• **WORK INSTRUCTION**
Go through the entries below. Copy out every line that contains "Header".

• **GIVEN DATA**
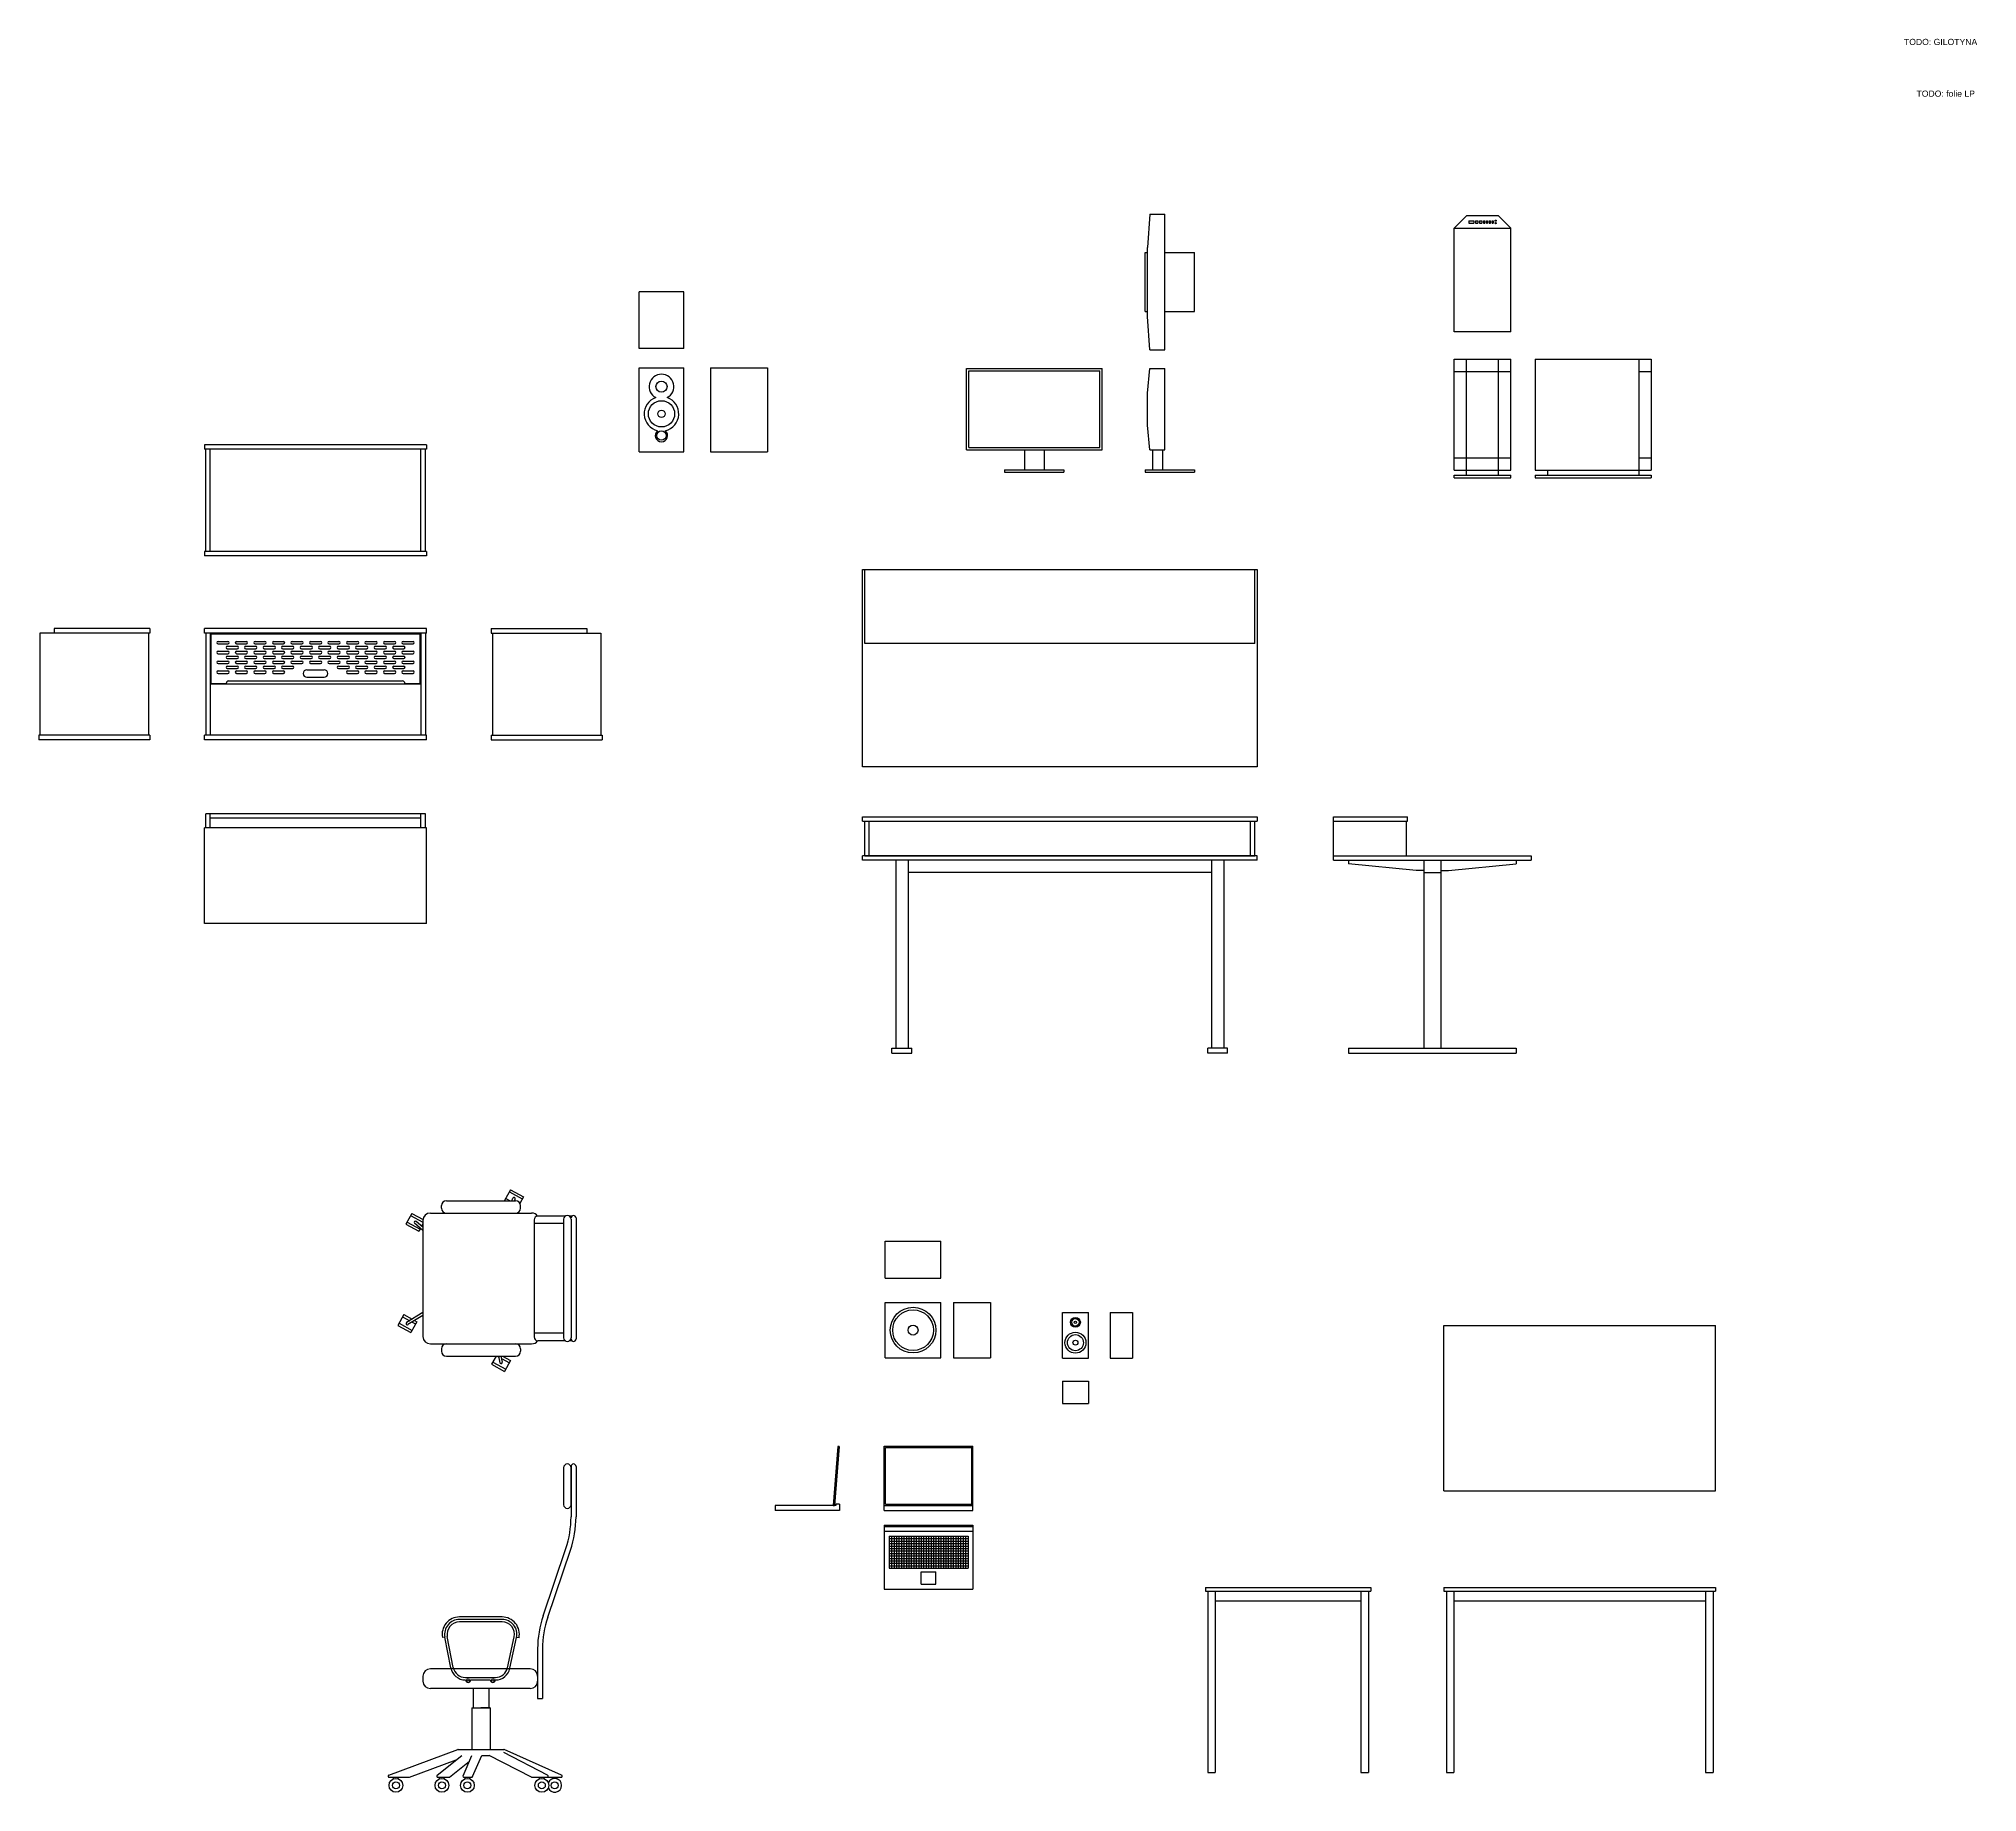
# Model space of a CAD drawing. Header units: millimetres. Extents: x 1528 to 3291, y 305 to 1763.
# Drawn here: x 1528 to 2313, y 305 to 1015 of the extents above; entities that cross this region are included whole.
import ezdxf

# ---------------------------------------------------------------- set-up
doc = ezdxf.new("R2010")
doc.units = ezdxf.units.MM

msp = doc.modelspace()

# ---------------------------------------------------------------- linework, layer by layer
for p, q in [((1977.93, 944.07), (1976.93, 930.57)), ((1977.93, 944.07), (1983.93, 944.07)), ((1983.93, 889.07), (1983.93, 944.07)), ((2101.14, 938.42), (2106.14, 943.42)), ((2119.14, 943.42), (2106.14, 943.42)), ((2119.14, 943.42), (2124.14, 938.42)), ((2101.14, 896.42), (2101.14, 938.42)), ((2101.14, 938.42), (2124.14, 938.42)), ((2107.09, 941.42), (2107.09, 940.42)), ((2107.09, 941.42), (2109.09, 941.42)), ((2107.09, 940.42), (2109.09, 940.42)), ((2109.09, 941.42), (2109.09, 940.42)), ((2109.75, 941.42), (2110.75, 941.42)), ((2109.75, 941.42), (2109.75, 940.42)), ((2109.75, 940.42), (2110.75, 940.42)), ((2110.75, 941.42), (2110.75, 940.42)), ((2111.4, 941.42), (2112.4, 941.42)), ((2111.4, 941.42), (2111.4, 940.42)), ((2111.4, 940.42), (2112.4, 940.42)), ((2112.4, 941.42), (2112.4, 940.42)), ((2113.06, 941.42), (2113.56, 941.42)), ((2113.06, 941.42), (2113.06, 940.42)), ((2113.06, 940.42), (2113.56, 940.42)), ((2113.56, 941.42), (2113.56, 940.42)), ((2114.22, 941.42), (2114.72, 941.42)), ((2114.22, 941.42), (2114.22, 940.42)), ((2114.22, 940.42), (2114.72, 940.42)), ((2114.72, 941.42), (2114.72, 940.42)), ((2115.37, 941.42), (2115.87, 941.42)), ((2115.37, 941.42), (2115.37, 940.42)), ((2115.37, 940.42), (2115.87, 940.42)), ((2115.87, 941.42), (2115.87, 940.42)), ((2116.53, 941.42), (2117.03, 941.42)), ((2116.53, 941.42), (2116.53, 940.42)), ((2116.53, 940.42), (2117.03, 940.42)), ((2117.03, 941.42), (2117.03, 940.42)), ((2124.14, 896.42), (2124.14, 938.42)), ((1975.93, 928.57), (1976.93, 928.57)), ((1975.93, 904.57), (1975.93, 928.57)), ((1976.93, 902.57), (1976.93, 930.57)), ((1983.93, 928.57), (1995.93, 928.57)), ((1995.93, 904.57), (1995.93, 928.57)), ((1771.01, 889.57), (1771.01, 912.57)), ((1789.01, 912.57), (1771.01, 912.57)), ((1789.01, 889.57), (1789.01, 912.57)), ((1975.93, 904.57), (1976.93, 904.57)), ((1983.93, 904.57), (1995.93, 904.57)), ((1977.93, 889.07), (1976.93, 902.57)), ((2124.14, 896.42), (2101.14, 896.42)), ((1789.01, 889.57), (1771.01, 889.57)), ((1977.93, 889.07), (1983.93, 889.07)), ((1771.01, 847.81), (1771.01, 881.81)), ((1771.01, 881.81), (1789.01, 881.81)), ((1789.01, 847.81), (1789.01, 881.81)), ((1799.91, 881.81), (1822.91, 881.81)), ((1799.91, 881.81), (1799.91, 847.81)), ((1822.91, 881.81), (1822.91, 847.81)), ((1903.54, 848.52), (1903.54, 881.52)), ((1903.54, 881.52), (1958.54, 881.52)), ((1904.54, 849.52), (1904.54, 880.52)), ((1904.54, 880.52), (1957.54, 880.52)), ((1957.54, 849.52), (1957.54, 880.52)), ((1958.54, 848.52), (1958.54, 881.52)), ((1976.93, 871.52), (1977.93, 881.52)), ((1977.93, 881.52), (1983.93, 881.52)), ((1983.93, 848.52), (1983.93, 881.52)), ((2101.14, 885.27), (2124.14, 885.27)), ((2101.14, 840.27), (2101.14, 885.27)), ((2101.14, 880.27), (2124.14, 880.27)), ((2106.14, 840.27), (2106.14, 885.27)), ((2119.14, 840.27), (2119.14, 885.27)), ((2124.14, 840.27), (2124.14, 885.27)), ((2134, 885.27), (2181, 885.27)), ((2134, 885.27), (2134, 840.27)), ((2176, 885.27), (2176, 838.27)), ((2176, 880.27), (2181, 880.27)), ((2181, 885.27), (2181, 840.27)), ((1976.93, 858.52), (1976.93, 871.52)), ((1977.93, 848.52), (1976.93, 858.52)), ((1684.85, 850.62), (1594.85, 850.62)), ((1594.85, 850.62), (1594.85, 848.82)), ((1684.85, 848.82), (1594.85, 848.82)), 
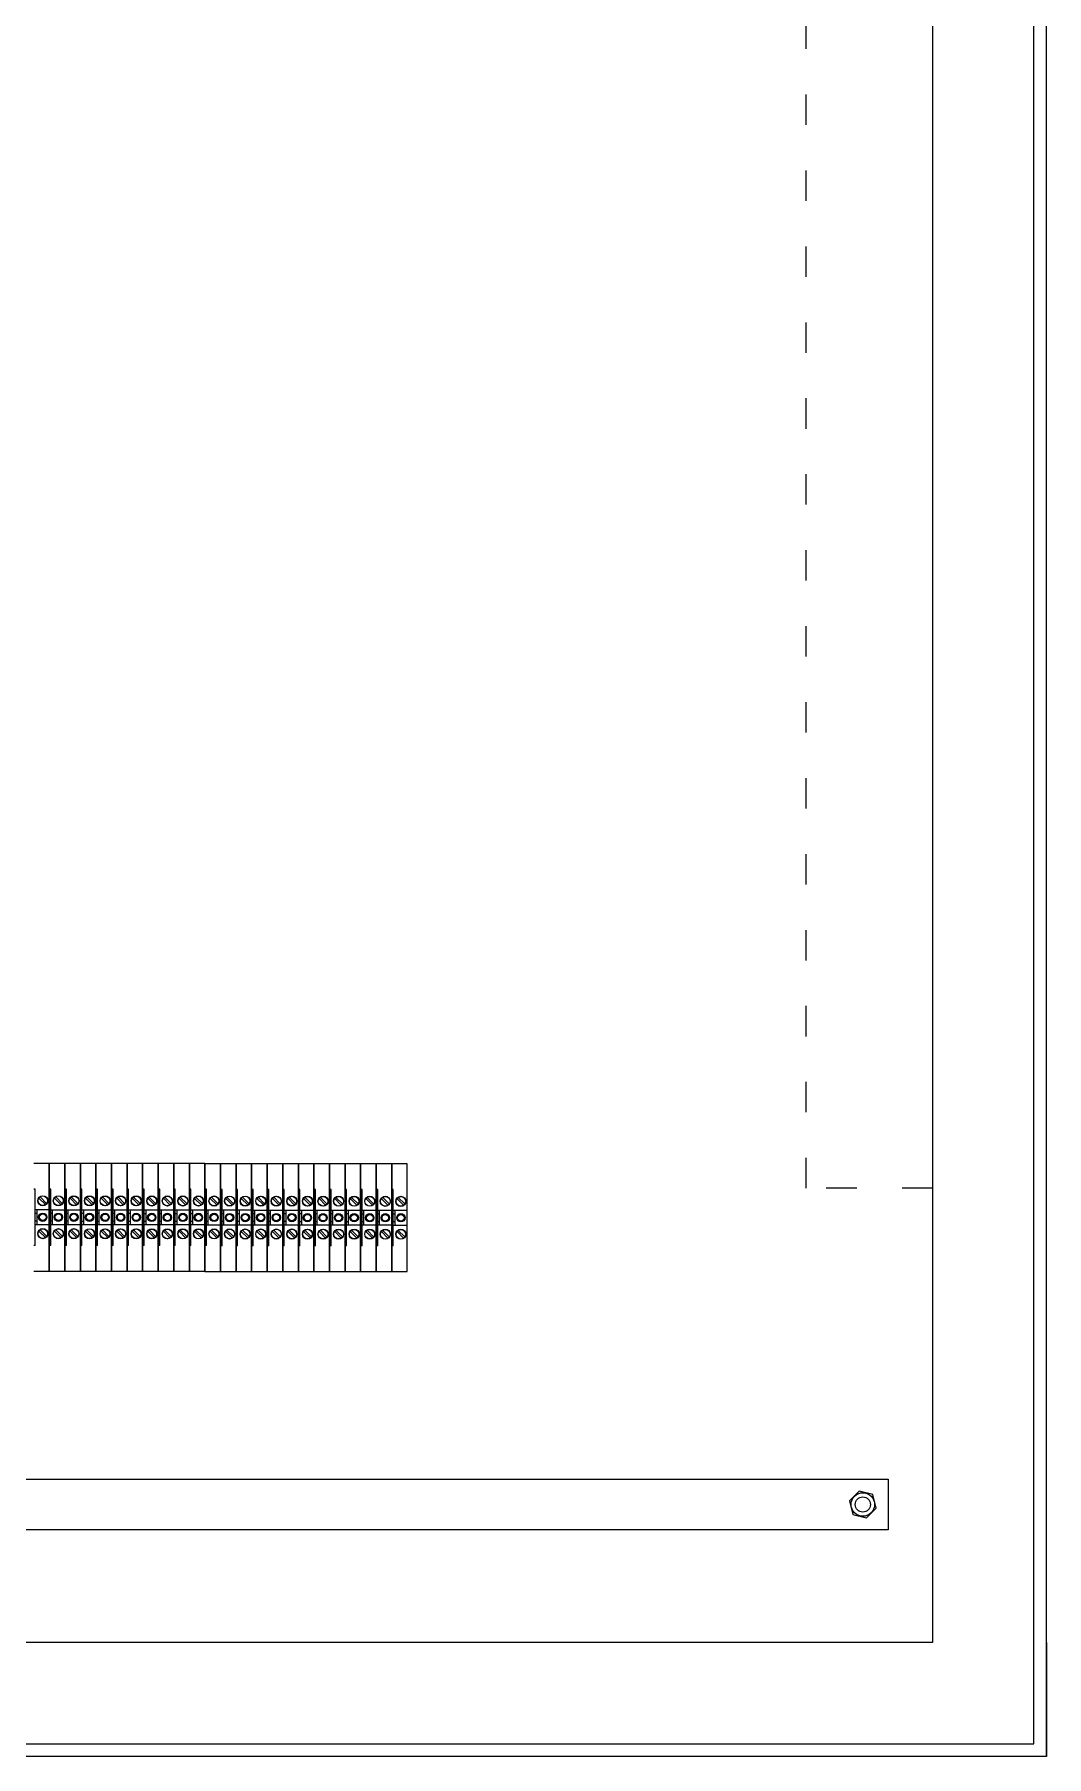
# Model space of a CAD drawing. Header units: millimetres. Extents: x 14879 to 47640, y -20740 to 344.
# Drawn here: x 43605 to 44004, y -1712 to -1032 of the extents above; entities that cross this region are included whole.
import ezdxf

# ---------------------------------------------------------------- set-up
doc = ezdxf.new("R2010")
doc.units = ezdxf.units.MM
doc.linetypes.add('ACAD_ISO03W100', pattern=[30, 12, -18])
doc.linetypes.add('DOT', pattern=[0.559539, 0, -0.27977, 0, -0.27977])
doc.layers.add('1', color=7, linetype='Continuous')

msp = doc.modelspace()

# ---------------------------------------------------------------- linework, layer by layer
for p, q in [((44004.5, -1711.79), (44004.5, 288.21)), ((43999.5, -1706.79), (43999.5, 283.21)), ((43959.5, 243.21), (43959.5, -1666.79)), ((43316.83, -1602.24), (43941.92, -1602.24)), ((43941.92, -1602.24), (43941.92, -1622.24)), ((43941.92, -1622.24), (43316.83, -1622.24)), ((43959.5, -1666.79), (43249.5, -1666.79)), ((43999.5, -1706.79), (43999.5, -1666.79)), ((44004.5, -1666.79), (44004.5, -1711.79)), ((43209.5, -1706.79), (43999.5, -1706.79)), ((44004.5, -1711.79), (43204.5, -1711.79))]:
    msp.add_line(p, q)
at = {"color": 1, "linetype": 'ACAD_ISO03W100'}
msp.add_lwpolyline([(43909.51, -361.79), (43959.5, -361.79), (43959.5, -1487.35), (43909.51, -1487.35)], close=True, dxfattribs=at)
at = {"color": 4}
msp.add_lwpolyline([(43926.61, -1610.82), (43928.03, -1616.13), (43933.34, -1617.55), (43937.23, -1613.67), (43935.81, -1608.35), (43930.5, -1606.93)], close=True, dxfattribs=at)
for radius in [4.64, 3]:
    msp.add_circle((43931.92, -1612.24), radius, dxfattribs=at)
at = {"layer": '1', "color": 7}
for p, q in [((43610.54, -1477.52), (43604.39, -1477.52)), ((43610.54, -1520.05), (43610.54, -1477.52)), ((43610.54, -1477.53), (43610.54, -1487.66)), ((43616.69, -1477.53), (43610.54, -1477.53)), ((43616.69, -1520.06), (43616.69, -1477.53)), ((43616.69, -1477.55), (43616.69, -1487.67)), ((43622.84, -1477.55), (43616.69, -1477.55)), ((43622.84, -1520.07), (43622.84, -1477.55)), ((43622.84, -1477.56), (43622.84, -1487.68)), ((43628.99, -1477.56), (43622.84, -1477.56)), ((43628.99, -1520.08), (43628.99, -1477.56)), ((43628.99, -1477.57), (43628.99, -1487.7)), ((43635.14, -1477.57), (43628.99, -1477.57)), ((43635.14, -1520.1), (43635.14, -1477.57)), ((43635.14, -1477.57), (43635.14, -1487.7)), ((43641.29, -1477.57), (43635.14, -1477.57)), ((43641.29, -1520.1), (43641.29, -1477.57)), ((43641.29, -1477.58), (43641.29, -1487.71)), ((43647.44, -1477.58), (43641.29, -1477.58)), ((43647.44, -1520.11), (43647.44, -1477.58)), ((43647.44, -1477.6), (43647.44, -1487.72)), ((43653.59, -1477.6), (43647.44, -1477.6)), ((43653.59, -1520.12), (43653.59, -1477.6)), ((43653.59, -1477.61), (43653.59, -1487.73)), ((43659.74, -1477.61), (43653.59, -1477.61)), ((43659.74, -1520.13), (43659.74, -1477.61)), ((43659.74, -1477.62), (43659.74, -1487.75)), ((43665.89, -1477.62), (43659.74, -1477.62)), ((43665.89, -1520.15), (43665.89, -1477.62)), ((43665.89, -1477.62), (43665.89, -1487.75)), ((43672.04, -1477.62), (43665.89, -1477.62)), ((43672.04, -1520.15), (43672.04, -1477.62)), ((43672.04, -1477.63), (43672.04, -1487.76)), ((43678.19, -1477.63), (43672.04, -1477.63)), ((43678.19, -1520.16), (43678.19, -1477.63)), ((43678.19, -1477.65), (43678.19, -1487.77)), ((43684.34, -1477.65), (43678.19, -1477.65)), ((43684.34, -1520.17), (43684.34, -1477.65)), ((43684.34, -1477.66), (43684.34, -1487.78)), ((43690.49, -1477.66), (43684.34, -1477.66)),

• **SOLUTION FOR THIS TASK**
# Model space of a CAD drawing. Header units: millimetres. Extents: x 1528 to 3291, y 305 to 1763.
# Model space of a CAD drawing. Header units: millimetres. Extents: x 14879 to 47640, y -20740 to 344.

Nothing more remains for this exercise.